Human oversight is essential because agentic AI deals with uncertainty and judgment, which can sometimes lead to unexpected outcomes. Unlike RPA, where tasks are black-and-white, AI-driven decisions can carry risks if left unchecked—think biased outputs or misinterpretations of data. Having a human in the loop ensures there’s a layer of accountability and trust, allowing for course corrections and making sure the technology aligns with business goals and ethical standards.
Could you walk us through a real-world scenario where agentic AI has allowed employees to shift toward more strategic priorities?
Absolutely. In one case I’ve seen, a company used agentic AI to manage procurement inquiries during busy periods like quarter close. Previously, buyers spent hours answering repetitive questions about orders or statuses. The AI agent took over, responding to queries with detailed explanations and even flagging issues for review. As a result, the buyers could pivot to more impactful work, like analyzing supplier performance or negotiating better terms, adding real value to the organization.
How do deterministic and probabilistic tasks differ, and why do they require different automation tools?
Deterministic tasks are straightforward—they have predictable outcomes based on set rules, like processing a payroll file. RPA is perfect for these because there’s little to no variation. Probabilistic tasks, however, involve uncertainty and require cognitive skills, like evaluating a customer complaint for escalation. Agents are better suited here because they can weigh variables, assess context, and propose solutions, even if the result isn’t 100% certain, which is something RPA can’t handle effectively.
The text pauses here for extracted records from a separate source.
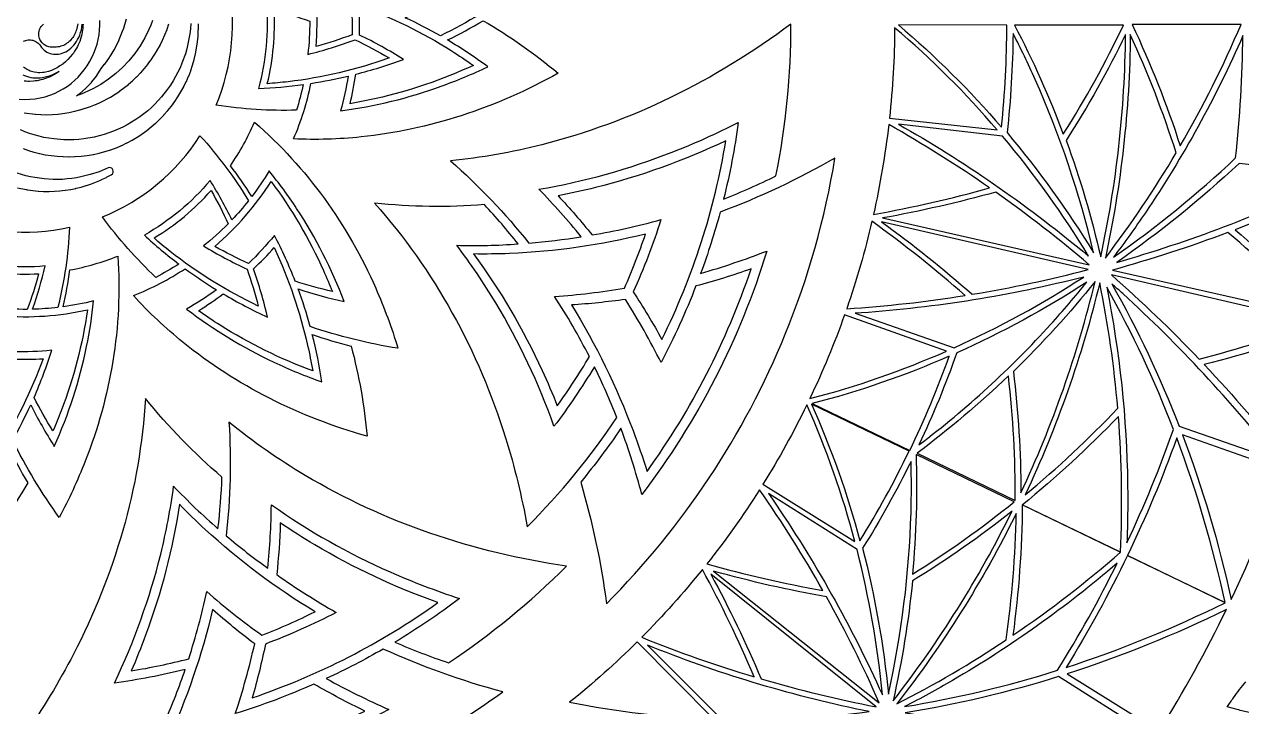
# Model space of a CAD drawing. Extents: x 10 to 990, y 10 to 990.
# Drawn here: x 500 to 760.7, y 353.8 to 499.9 of the extents above; entities that cross this region are included whole.
import ezdxf

# ---------------------------------------------------------------- set-up
doc = ezdxf.new("R2010")
doc.units = 0

msp = doc.modelspace()

# ---------------------------------------------------------------- linework, layer by layer
for points in [[(560.55, 508.33, 0.02178), (552.68, 509.75, 0.04963), (549.7, 519.99, -0.058315), (572.07, 518.97, -0.053382), (593.6, 513.05, -0.029438), (605.66, 507.47, -0.043385), (589.1, 497.48, 0.020147), (581.57, 501.36, 0.024258), (590.47, 506.41, 0.054251), (569.1, 513.32, 0.025369), (559.3, 514.83, -0.026881), (560.55, 508.33)], [(579.98, 502.08, 0.026462), (569.87, 505.87, -0.02908), (570.2, 497.71, -0.020897), (562.5, 495.16, 0.073795), (561.21, 513.51, -0.055631), (582.62, 507.97, -0.011619), (587.16, 506.12, -0.01988), (579.98, 502.08)], [(558.27, 481.55, -0.045305), (541.05, 482.62, 0.156319), (543.51, 509.68, -0.047833), (560.7, 507.2, -0.022228), (561.1, 501.77, 0.026715), (551.82, 504.45, -0.088965), (550.15, 486.2, 0.026216), (559.74, 487.05, -0.023159), (558.27, 481.55)], [(571, 489.26, 0.026301), (581.21, 492.43, 0.027262), (571.77, 497.65, 0.022277), (571.69, 504.01, -0.053289), (591.42, 494.31, -0.013042), (596.17, 491.15, -0.052449), (575.34, 484.04, -0.014333), (569.75, 482.94, 0.02239), (571, 489.26)], [(561.12, 500.62, -0.028921), (560.72, 493.51, 0.027445), (570.82, 496.62, -0.020575), (578.12, 492.73, -0.057276), (556.49, 487.64, -0.012058), (552.03, 487.23, 0.074829), (553.48, 503.06, -0.022084), (561.12, 500.62)], [(598.27, 500.71, -0.042377), (614.33, 489.46, -0.049395), (593.56, 480.37, -0.05237), (572.14, 475.82, -0.037178), (557.66, 475.4, 0.049852), (561.39, 487.3, 0.020894), (569.35, 488.85, -0.026997), (567.74, 481.42, 0.054314), (589.24, 486.67, 0.024874), (599.26, 490.86, 0.02373), (590.62, 496.59, 0.019838), (598.27, 500.71)], [(649.75, 462.5, 0.018977), (660.98, 467.48, 0.049618), (664.2, 500, -0.047437), (638.42, 484.27, -0.050956), (610.81, 474.15, -0.03703), (591.28, 470.7, -0.044916), (608.05, 453.07, 0.019822), (619.26, 454.44, 0.023921), (610.21, 464.61, 0.050604), (638.72, 472.55, 0.024701), (652.91, 478.91, -0.027304), (649.75, 462.5)], [(708.37, 477.33, 0.040636), (686.39, 499.22, -0.026094), (685.29, 479.84), (708.37, 477.33)], [(709.27, 477.9, 0.026078), (710.42, 499.79), (687.2, 499.8, -0.040577), (709.27, 477.9)], [(729.01, 451.02, 0.046679), (716.49, 488.14, 0.013762), (711.76, 498.01, -0.025173), (710.48, 476.74, -0.037749), (729.01, 451.02)], [(722.51, 476.4, 0.031172), (735.4, 499.79), (712.08, 499.79, -0.031609), (722.51, 476.4)], [(747.57, 473.92, 0.030379), (760.61, 499.92), (737.28, 499.93, -0.030723), (747.57, 473.92)], [(730.54, 450.12, 0.050964), (735.86, 497.78, -0.030312), (723.14, 475.08, -0.030291), (730.54, 450.12)], [(731.53, 449.89, 0.0299), (746.7, 472.42, 0.029918), (736.88, 497.75, -0.050961), (731.53, 449.89)], [(733.29, 450.08, 0.036326), (759.42, 471.31, 0.025177), (760.99, 497.52, -0.045743), (740.11, 459.6, -0.012924), (733.29, 450.08)], [(548.71, 463.07, 0.021765), (544.14, 469.64, 0.049465), (549.28, 478.99, -0.057822), (564.26, 462.62, -0.052972), (575.25, 443.42, -0.030441), (580, 430.56, -0.043425), (561.22, 435.21, 0.02018), (558.64, 443.28, 0.024289), (568.51, 440.55, 0.054132), (558.32, 460.5, 0.025574), (552.41, 468.55, -0.027097), (548.71, 463.07)], [(706.75, 464.9, 0.024015), (685.14, 478.46, -0.026175), (681.87, 459.23, 0.024025), (706.75, 464.9)], [(727.94, 450.29, 0.037811), (709.5, 476), (687.22, 478.55, -0.044323), (726.7, 451.32), (727.94, 450.29)], [(528.16, 445.74, -0.045259), (516.73, 458.68, 0.156741), (537.61, 476.08, -0.047846), (548.01, 462.16, -0.022422), (544.46, 458.04, 0.026732), (539.79, 466.5, -0.089181), (525.7, 454.78, 0.026241), (533.09, 448.6, -0.023218), (528.16, 445.74)], [(621.6, 454.83, 0.024964), (636.35, 458.11, -0.029337), (630.42, 442.62, -0.018955), (636.54, 432.46, 0.074314), (650.26, 475.01, -0.049026), (622.3, 464.97, -0.014287), (614.32, 463.21, -0.019397), (621.6, 454.83)], [(619.16, 401.9, -0.03907), (624.68, 375.85, 0.09927), (662.97, 433.56, 0.056255), (673.62, 471.3, -0.040978), (649.03, 459.71, -0.022481), (644.85, 446.6, 0.023144), (659.02, 451.38, -0.089083), (632.25, 399.26, 0.022732), (627.78, 413.41, -0.023236), (619.16, 401.9)], [(733.96, 448.95, 0.041135), (779.42, 466.14, 0.002717), (782.47, 467.6), (760.19, 470.16, -0.036292), (733.96, 448.95)], [(759.33, 455.94, -0.022583), (779.43, 437.33, 0.02619), (784.45, 466.87, -0.022577), (759.33, 455.94)], [(543.66, 457.21, -0.029098), (538.35, 452.47, 0.027482), (547.69, 447.52, -0.020616), (550.11, 439.61, -0.057285), (531.21, 451.31, -0.012058), (527.77, 454.18, 0.074932), (539.99, 464.34, -0.022091), (543.66, 457.21)], [(558.03, 444.91, 0.026491), (553.56, 454.74, -0.029058), (548.02, 448.73, -0.02088), (540.78, 452.37, 0.074013), (552.84, 466.27, -0.055649), (564.06, 447.2, -0.011623), (565.97, 442.69, -0.019926), (558.03, 444.91)], [(598.54, 461.32, -0.045632), (575.01, 461.63, -0.055444), (591.66, 438.11, -0.05107), (603.06, 411.39, -0.031826), (607.7, 392.32, 0.049644), (626.89, 415.75, 0.018944), (622.09, 426.61, -0.027002), (613.43, 413.85, 0.050175), (600.97, 440.29, 0.027368), (592.6, 452.61, 0.024322), (605.75, 452.9, 0.02022), (598.54, 461.32)], [(728.07, 448.45, 0.022902), (708.04, 464, -0.023311), (683.8, 458.46), (728.07, 448.45)], [(481.54, 441.73, -0.045308), (482.62, 458.95, 0.156327), (509.68, 456.49, -0.047845), (507.2, 439.3, -0.022324), (501.76, 438.9, 0.026732), (504.45, 448.18, -0.088877), (486.2, 449.85, 0.026222), (487.05, 440.26, -0.02338), (481.54, 441.73)], [(701.48, 441.86, 0.024019), (681.53, 457.76, -0.026187), (676.13, 439.03, 0.024021), (701.48, 441.86)], [(727.82, 447.41), (683.61, 457.62, -0.023311), (703.03, 442.11, 0.022905), (727.82, 447.41)], [(621.01, 428.78, 0.024846), (613.57, 441.66, 0.025783), (628.54, 443.44, 0.022344), (633.04, 455.03, -0.050729), (603.94, 450.85, -0.014122), (596.2, 450.76, -0.051437), (610.91, 425.79, -0.013693), (614.14, 418.23, 0.022312), (621.01, 428.78)], [(733.06, 447.3), (777.32, 437.29, 0.021984), (757.79, 455.36, -0.022402), (733.06, 447.3)], [(542.61, 442.2, 0.026293), (552.08, 437.22, 0.027281), (549.09, 447.59, 0.022129), (553.53, 452.13, -0.053749), (560.67, 431.13, -0.012543), (561.75, 425.73, -0.052597), (541.94, 435.47, -0.014202), (537.26, 438.61, 0.022475), (542.61, 442.2)], [(508.33, 439.45, 0.02177), (509.75, 447.33, 0.049574), (519.99, 450.3, -0.058646), (518.95, 427.8, -0.053216), (513.02, 406.34, -0.029323), (507.47, 394.34, -0.043387), (497.48, 410.9, 0.020112), (501.36, 418.43, 0.024263), (506.41, 409.53, 0.054285), (513.32, 430.9, 0.02541), (514.83, 440.7, -0.027007), (508.33, 439.45)], [(500.62, 438.88, -0.029258), (493.51, 439.28, 0.027468), (496.61, 429.18, -0.020577), (492.73, 421.88, -0.057608), (487.62, 443.64, -0.011676), (487.23, 447.97, 0.074668), (503.06, 446.52, -0.022093), (500.62, 438.88)], [(570, 431.01, -0.042342), (573.4, 411.7, -0.048908), (552.47, 419.86, -0.05253), (534.02, 431.81, -0.037494), (523.37, 441.83, 0.049876), (534.43, 447.6, 0.020897), (541.16, 443.07, -0.027161), (534.76, 438.96, 0.05369), (553.43, 427.58, 0.025463), (563.73, 423.35, 0.023666), (561.67, 433.5, 0.019772), (570, 431.01)], [(643.83, 443.9, -0.029413), (636.38, 427.51, 0.02488), (628.74, 441.02, -0.019355), (617.18, 439.83, -0.048557), (630.36, 412.93, -0.014011), (633.37, 404.19, 0.07486), (655.64, 447.54, -0.019191), (643.83, 443.9)], [(732.82, 446.25, -0.022391), (751.6, 428.24, 0.021975), (777.04, 436.04), (732.82, 446.25)], [(726.91, 445.82, -0.044453), (679.31, 438.13), (677.96, 438.04), (699.14, 430.67, 0.037824), (726.91, 445.82)], [(727.56, 444.69, -0.037775), (699.7, 429.57, -0.025177), (691.61, 409.86, 0.046732), (719.84, 435.7, 0.013733), (727.56, 444.69)], [(729.33, 444.84, -0.030301), (711.83, 425.57, -0.030296), (713.43, 399.59, 0.050959), (729.33, 444.84)], [(730.32, 444.58, -0.050958), (714.35, 399.15, 0.029902), (734.19, 417.7, 0.029905), (730.32, 444.58)], [(731.82, 443.64, -0.045841), (736.3, 401.41, -0.012844), (736.16, 388.88, 0.025194), (746.13, 413.17, 0.036349), (731.82, 443.64)], [(732.92, 444.37, -0.036304), (747.33, 413.87), (768.51, 406.49, 0.041132), (735.26, 442.26, 0.002706), (732.92, 444.37)], [(500.71, 401.73, -0.042387), (489.46, 385.68, -0.049092), (480.41, 406.31, -0.052536), (475.83, 427.79, -0.037336), (475.4, 442.34, 0.049911), (487.29, 438.61, 0.020925), (488.85, 430.65, -0.027094), (481.41, 432.26, 0.054301), (486.67, 410.76, 0.024846), (490.86, 400.74, 0.023715), (496.59, 409.38, 0.019827), (500.71, 401.73)], [(502.08, 420.02, 0.026489), (505.86, 430.13, -0.029197), (497.7, 429.8, -0.02091), (495.16, 437.5, 0.073769), (513.51, 438.79, -0.056132), (507.89, 417.19, -0.011105), (506.12, 412.84, -0.019873), (502.08, 420.02)], [(697.54, 429.96), (675.67, 437.72, -0.026034), (668.24, 419.79, 0.040612), (697.54, 429.96)], [(752.73, 427.05, -0.022561), (770.61, 406.29, 0.02616), (778.92, 435.08, -0.022572), (752.73, 427.05)], [(489.25, 429, 0.026313), (492.43, 418.79, 0.027313), (497.65, 428.24, 0.022182), (504.01, 428.31, -0.053745), (494.2, 408.4, -0.012583), (491.15, 403.83, -0.05244), (484.04, 424.66, -0.014301), (482.94, 430.25, 0.02248), (489.25, 429)], [(698.1, 428.86, -0.04055), (668.72, 418.72), (689.63, 408.65, 0.026021), (698.1, 428.86)], [(710.76, 424.63, -0.031571), (691.21, 408.09), (712.22, 397.97, 0.031138), (710.76, 424.63)], [(542.32, 402.97, -0.045628), (525.91, 419.82, -0.055359), (521.08, 391.5, -0.050164), (510.52, 365.05, -0.03287), (500.01, 347.7, 0.049548), (530.16, 350.69, 0.018953), (534.44, 361.75, -0.027304), (519.29, 358.86, 0.050415), (529.2, 386.46, 0.027264), (531.97, 401, 0.024322), (541.47, 391.91, 0.020242), (542.32, 402.97)], [(677.9, 389.16, 0.040636), (667.59, 418.42, -0.026094), (658.2, 401.44), (677.9, 389.16)], [(678.96, 389.29, 0.026078), (689.49, 408.52), (668.58, 418.59, -0.040577), (678.96, 389.29)], [(579.36, 367.6, 0.018938), (590.83, 363.19, 0.049645), (616.11, 383.9, -0.04734), (586.83, 390.98, -0.050845), (560.14, 403.33, -0.037218), (543.82, 414.74, -0.044904), (543.22, 390.41, 0.019815), (552.11, 383.46, 0.023939), (552.9, 397.05, 0.049983), (578.33, 382.66, 0.025261), (593.2, 376.97, -0.026923), (579.36, 367.6)], [(734.33, 415.97, -0.030682), (713.76, 397), (734.77, 386.88, 0.030342), (734.33, 415.97)], [(748.03, 412.04, -0.036375), (758.49, 376.73, 0.026016), (769.91, 404.28), (748.03, 412.04)], [(746.83, 411.34, -0.026013), (736.27, 386.16), (757.18, 376.08, 0.036413), (746.83, 411.34)], [(462.5, 350.25, 0.018964), (467.48, 339.02, 0.049628), (500, 335.8, -0.046936), (484.39, 361.33, -0.050903), (474.21, 388.93, -0.037525), (470.7, 408.72, -0.044911), (453.07, 391.95, 0.019797), (454.44, 380.74, 0.02392), (464.61, 389.79, 0.050309), (472.49, 361.45, 0.025024), (478.91, 347.09, -0.027231), (462.5, 350.25)], [(690.23, 382.2, 0.031172), (712, 397.67), (690.98, 407.8, -0.031609), (690.23, 382.2)], [(685.08, 356.5, 0.046679), (689.91, 395.39, 0.013762), (689.92, 406.33, -0.025173), (679.55, 387.72, -0.037749), (685.08, 356.5)], [(671.05, 378.67, 0.024015), (657.46, 400.26, -0.026175), (646.17, 384.36, 0.024025), (671.05, 378.67)], [(683.79, 356.31, 0.037811), (678.34, 387.48), (659.37, 399.44, -0.044323), (683.12, 357.78), (683.79, 356.31)], [(535.21, 364.05, 0.024932), (539.06, 378.43, 0.025774), (550.89, 369.11, 0.022331), (562.27, 374.13, -0.050723), (538.74, 391.74, -0.014115), (533.21, 397.15, -0.051524), (525.95, 369.09, -0.013758), (522.89, 361.46, 0.022594), (535.21, 364.05)], [(711.74, 369.08, 0.030379), (734.77, 386.86), (713.75, 396.99, -0.030723), (711.74, 369.08)], [(686.07, 355.03, 0.050964), (711.54, 395.66, -0.030312), (690.23, 380.73, -0.030291), (686.07, 355.03)], [(686.85, 354.39, 0.0299), (710.3, 368.11, 0.029918), (712.44, 395.19, -0.050961), (686.85, 354.39)], [(554.04, 382.08, 0.024961), (566.78, 373.97, -0.029328), (551.64, 367.21, -0.018954), (548.8, 355.69, 0.074058), (588.57, 376.09, -0.047976), (562.18, 388.47, -0.015251), (554.82, 393.15, -0.0194), (554.04, 382.08)], [(723.14, 362.19, 0.036442), (757.17, 376.06), (736.26, 386.14, -0.026064), (723.14, 362.19)], [(688.53, 353.8, 0.036326), (721.28, 361.59, 0.025177), (734.06, 384.53, -0.045743), (698.8, 359.42, -0.012924), (688.53, 353.8)], [(656.3, 360.19, 0.024019), (645.23, 383.18, -0.026187), (632.23, 368.65, 0.024021), (656.3, 360.19)], [(682.45, 353.77), (647.04, 382.15, -0.023311), (657.81, 359.75, 0.022905), (682.45, 353.77)], [(683.12, 354.6, 0.022902), (671.81, 377.3, -0.023311), (647.58, 382.82), (683.12, 354.6)], [(562.03, 358.63, -0.029332), (545.18, 352.3, 0.024848), (549.33, 367.26, -0.019323), (540.31, 374.58, -0.048518), (530.65, 346.33, -0.014216), (526.56, 337.94, 0.075085), (572.95, 352.85, -0.019184), (562.03, 358.63)], [(723.35, 360.82), (743.04, 348.54, 0.026055), (757.48, 374.63, -0.0364), (723.35, 360.82)], [(647.59, 351.18), (631.25, 367.67, -0.026034), (616.77, 354.74, 0.040612), (647.59, 351.18)], [(514.89, 346.37, -0.039037), (500.37, 324.05, 0.078682), (554.72, 332.73, 0.07677), (602.47, 356.95, -0.040878), (576.88, 366.14, -0.022421), (564.66, 359.82, 0.02311), (578.06, 353.19, -0.089354), (522.28, 335.24, 0.022739), (529.13, 348.41, -0.023351), (514.89, 346.37)], [(680.93, 352.73, -0.044453), (634.71, 366.46), (633.45, 366.97), (649.33, 351.13, 0.037824), (680.93, 352.73)], [(688.64, 352.49, 0.041135), (737.05, 348.26, 0.002717), (740.44, 348.25), (721.48, 360.22, -0.036292), (688.64, 352.49)]]:
    msp.add_lwpolyline(points, format="xyb", close=True)
for points in [[(498.86, 483.88), (500.01, 483.84), (500.01, 483.84), (501.17, 483.88), (502.31, 484), (503.41, 484.19), (504.44, 484.43), (505.46, 484.76), (506.45, 485.15), (507.39, 485.59), (508.3, 486.1), (509.15, 486.65), (509.99, 487.28), (510.78, 487.95), (511.51, 488.65), (512.19, 489.4), (512.84, 490.21), (513.43, 491.04), (513.97, 491.93), (514.47, 492.84), (514.88, 493.74), (515.25, 494.72), (515.57, 495.69), (515.8, 496.68), (515.99, 497.7), (516.11, 498.72), (516.16, 499.76), (516.14, 500.79)], [(535.63, 500.1), (535.55, 498.97), (535.43, 497.87), (535.25, 496.8), (535.04, 495.74), (534.79, 494.68), (534.49, 493.65), (533.76, 491.62), (533.35, 490.65), (532.89, 489.7), (532.4, 488.76), (531.86, 487.85), (531.29, 486.94), (530.69, 486.08), (529.38, 484.41), (528.69, 483.62), (527.96, 482.86), (527.2, 482.14), (526.41, 481.44), (524.73, 480.12), (523.86, 479.53), (522.97, 478.95), (522.04, 478.43), (521.09, 477.93), (519.11, 477.05), (517.06, 476.34), (514.92, 475.78), (512.74, 475.41), (511.65, 475.3), (510.57, 475.22), (508.42, 475.22), (506.28, 475.4), (505.22, 475.54), (504.17, 475.73), (503.15, 475.97), (502.12, 476.24), (501.11, 476.56), (500.12, 476.91), (499.14, 477.31)], [(512.56, 500), (512.55, 499.55), (512.52, 499.12), (512.47, 498.69), (512.4, 498.27), (512.32, 497.86), (512.23, 497.45), (512.12, 497.05), (511.86, 496.28), (511.55, 495.54), (511.37, 495.18), (511.18, 494.84), (510.77, 494.17), (510.56, 493.85), (510.32, 493.54), (509.84, 492.95), (509.33, 492.4), (508.78, 491.9), (508.21, 491.43), (507.62, 491.02), (507.02, 490.65), (506.4, 490.34), (506.09, 490.2), (505.78, 490.07), (505.15, 489.87), (504.52, 489.71), (504.21, 489.65), (503.9, 489.61), (503.28, 489.57), (502.98, 489.57), (502.68, 489.59), (502.1, 489.67), (501.81, 489.74), (501.53, 489.82), (501.26, 489.91), (500.99, 490.03), (500.73, 490.16), (500.48, 490.31), (500.24, 490.47), (500, 490.65), (499.78, 490.85)], [(499.81, 496.31), (500.05, 496.42), (500.3, 496.5), (500.56, 496.57), (500.81, 496.6), (501.07, 496.62), (501.32, 496.6), (501.58, 496.57), (501.83, 496.52), (502.07, 496.44), (502.3, 496.34), (502.53, 496.22), (502.74, 496.08), (502.94, 495.92), (503.13, 495.73), (503.3, 495.53), (503.45, 495.31), (503.69, 494.98), (503.94, 494.68), (504.22, 494.42), (504.52, 494.19), (504.83, 493.99), (505.16, 493.83), (505.51, 493.7), (505.86, 493.61), (506.22, 493.55), (506.59, 493.52), (506.97, 493.53), (507.34, 493.57), (507.73, 493.65), (508.1, 493.75), (508.48, 493.9), (508.85, 494.07), (509.22, 494.28), (509.57, 494.52), (509.92, 494.8), (510.25, 495.11), (510.56, 495.45), (510.87, 495.82), (511.15, 496.23), (511.41, 496.67), (511.64, 497.14), (511.86, 497.64), (512.04, 498.18), (512.2, 498.76), (512.32, 499.36), (512.41, 499.99)], [(511.48, 500.03), (511.34, 499.39), (511.17, 498.76), (511.05, 498.47), (510.94, 498.18), (510.66, 497.62), (510.51, 497.36), (510.35, 497.11), (510.17, 496.87), (509.98, 496.64), (509.78, 496.43), (509.57, 496.23), (509.35, 496.04), (509.12, 495.87), (508.88, 495.71), (508.63, 495.56), (508.36, 495.44), (508.09, 495.32), (507.8, 495.23), (507.51, 495.15), (507.2, 495.09), (506.89, 495.04), (506.56, 495.02), (506.22, 495.02), (505.87, 495.04), (505.52, 495.08), (505.25, 495.13), (505, 495.2), (504.75, 495.29), (504.52, 495.41), (504.31, 495.54), (504.11, 495.7), (503.91, 495.87), (503.75, 496.06), (503.59, 496.26), (503.46, 496.48), (503.34, 496.7), (503.24, 496.94), (503.17, 497.19), (503.12, 497.45), (503.1, 497.71), (503.1, 497.98), (503.12, 498.24), (503.17, 498.51), (503.24, 498.76), (503.34, 499), (503.46, 499.23), (503.6, 499.44), (503.75, 499.65), (503.92, 499.83), (504.11, 500)], [(499.67, 489.15), (500.05, 488.97), (500.47, 488.81), (500.9, 488.68), (501.35, 488.57), (501.83, 488.5), (502.32, 488.46), (502.83, 488.45), (503.36, 488.48), (503.9, 488.55), (504.46, 488.66), (505.03, 488.81), (505.62, 489), (506.22, 489.24), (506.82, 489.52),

What challenges do enterprises face when scaling automation, and how can they balance productivity with proper governance?
Scaling automation across a large organization often brings challenges like inconsistent adoption, integration hiccups, or even resistance from teams unfamiliar with the tech. There’s also the risk of prioritizing speed over control, which can lead to errors or compliance issues. To balance productivity and governance, companies should establish clear policies, invest in training, and set up regular audits. It’s about creating a framework where innovation can thrive without sacrificing accountability or oversight.
There’s been some talk about technical debt in RPA implementations. How do you see this issue, and what’s the best way to address it?
Technical debt in RPA often comes from quick-and-dirty implementations—bots built without long-term scalability or maintenance in mind. Over time, these can become outdated or hard to integrate with newer systems, costing more to fix than they initially saved. The solution lies in treating RPA as a foundation rather than a standalone fix. By building with flexibility in mind and transitioning to agentic AI where possible, companies can evolve their automation without getting bogged down by legacy issues.
What’s your forecast for the future of agentic AI in enterprise automation over the next few years?
I believe agentic AI will become a cornerstone of enterprise operations, moving beyond niche applications to orchestrate entire workflows. We’ll likely see tighter integration with human decision-making, where AI acts as a trusted advisor rather than just a tool. The focus will shift toward building trust and transparency, with governance frameworks maturing alongside the tech. If done right, this could redefine productivity, letting businesses tackle challenges we haven’t even imagined yet.